SUPPLIED DATA section start

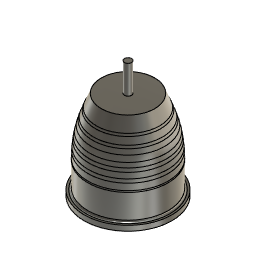
Lampe_R1 v11 (Autodesk Fusion 360 archive; units mm, degrees)
design "Cobstaled MR16"
Autodesk Fusion 360 part; units mm, degrees
sketch "Skizze1" plane through (0, 0, 0) normal (0, 0, 1) x (1, 0, 0)
  circle A0 centre (0, 0) radius 24.75
  circle A1 centre (0, 0) radius 20
  dimension "d1" = 49.5
  dimension "d4" = 40
  constraint coincident A0.centre A1.centre
  measures "d1" diameter of A0
  measures "d4" diameter of A1
extrude "Extrusion1" add sketch "Skizze1" along normal blind 2.9
sketch "Skizze2" plane through (0, 0, 0) normal (0, 1, 0) x (1, 0, 0)
  line L0 (-24.75, -2.9) -> (24.75, -2.9)
  line L1 (-24.75, 0) -> (24.75, 0)
  line L2 (22.65, -2.9) -> (22.65, -7.9)
  line L3 (22.65, -7.9) -> (22.65, -12.9)
  line L4 (22.65, -12.9) -> (22.65, -17.9)
  line L5 (22.65, -17.9) -> (22.5, -22.8977)
  line L6 (22.5, -22.8977) -> (22, -27.8727)
  line L7 (22, -27.8727) -> (21.15, -32.7999)
  line L8 (21.15, -32.7999) -> (19.75, -37.5999)
  line L9 (19.75, -37.5999) -> (18.1, -42.3198)
  line L10 (0, -2.9) -> (0, -41.75) construction
  line L11 (18.1, -42.3198) -> (15.05, -49.9)
  line L12 (15.05, -49.9) -> (0, -49.9)
  line L13 (0, -49.9) -> (0, -2.9)
  dimension "d6" = 5
  dimension "d8" = 22.65
  dimension "d9" = 22.65
  dimension "d10" = 22.65
  dimension "d11" = 22.65
  dimension "d12" = 22.5
  dimension "d13" = 22
  dimension "d14" = 21.15
  dimension "d15" = 19.75
  dimension "d17" = 18.1
  dimension "d18" = 47
  dimension "d20" = 15.05
  dimension "d21" = 8.1708
  dimension "d22" = 7.5802
  constraint coincident L0 L2.start
  constraint equal L2 L3
  constraint equal L2 L4
  constraint equal L2 L5
  constraint equal L2 L6
  constraint equal L2 L7
  constraint equal L2 L8
  constraint equal L2 L9
  constraint midpoint L0 L10.start
  constraint perpendicular L0 L10
  constraint vertical L10.end L12.end
  constraint perpendicular L10 L12
  measures "d6" distance of L2.start L2.end
  measures "d8" distance of L2.end L10
  measures "d9" distance of L2.start L10
  measures "d10" distance of L3.end L10
  measures "d11" distance of L4.end L10
  measures "d12" distance of L5.end L10
  measures "d13" distance of L6.end L10
  measures "d14" distance of L7.end L10
  measures "d15" distance of L8.end L10
  measures "d17" distance of L9.end L10
  measures "d18" distance of L0 L11.end
  measures "d20" distance of L10 L11.end
  measures "d21" distance of L9.end L11.end
  measures "d22" distance of L9.end L12
revolve "Drehen1" add sketch "Skizze2" angle 360 about axis through (0, 0, 49.9) along (0, 0, -1)
fillet "Abrundung1" radius 28 6 edges at (-16.8751, -6.5452, 42.3198) (-18.4135, -7.1419, 37.5999) (-19.7187, -7.6482, 32.7999) (-20.5112, -7.9555, 27.8727) (-20.9774, -8.1363, 22.8977) (-21.1172, -8.1906, 17.9)
fillet "Abrundung2" radius 1 1 edges at (-21.1172, 8.1906, 2.9)
sketch "Skizze3" plane through (0, 0, 49.9) normal (0, 0, 1) x (-1, 0, 0)
  circle A0 centre (0, 0) radius 15.05
  circle A1 centre (0, 0) radius 2
  dimension "d28" = 4
  constraint coincident A0.centre A1.centre
  measures "d28" diameter of A1
extrude "Extrusion2" add sketch "Skizze3" along normal blind 16 contours A1
equation "d8 = ( 45.3 / 2 ) * 1 mm"
equation "d9 = ( 45.3 / 2 ) * 1 mm"
equation "d10 = ( 45.3 / 2 ) * 1 mm"
equation "d11 = ( 45.3 / 2 ) * 1 mm"
equation "d12 = ( 45.0 / 2 ) * 1 mm"
equation "d13 = ( 44 / 2 ) * 1 mm"
equation "d14 = ( 42.3 / 2 ) * 1 mm"
equation "d15 = ( 39.5 / 2 ) * 1 mm"
equation "d17 = ( 36.2 / 2 ) * 1 mm"
equation "d20 = ( 30.1 / 2 ) * 1 mm"

SUPPLIED DATA section end

GOAL OF THE EXERCISE:
The lines to return are those in the entries above that include "plane".

OUTPUT FOR THIS EXERCISE:
sketch "Skizze1" plane through (0, 0, 0) normal (0, 0, 1) x (1, 0, 0)
sketch "Skizze2" plane through (0, 0, 0) normal (0, 1, 0) x (1, 0, 0)
sketch "Skizze3" plane through (0, 0, 49.9) normal (0, 0, 1) x (-1, 0, 0)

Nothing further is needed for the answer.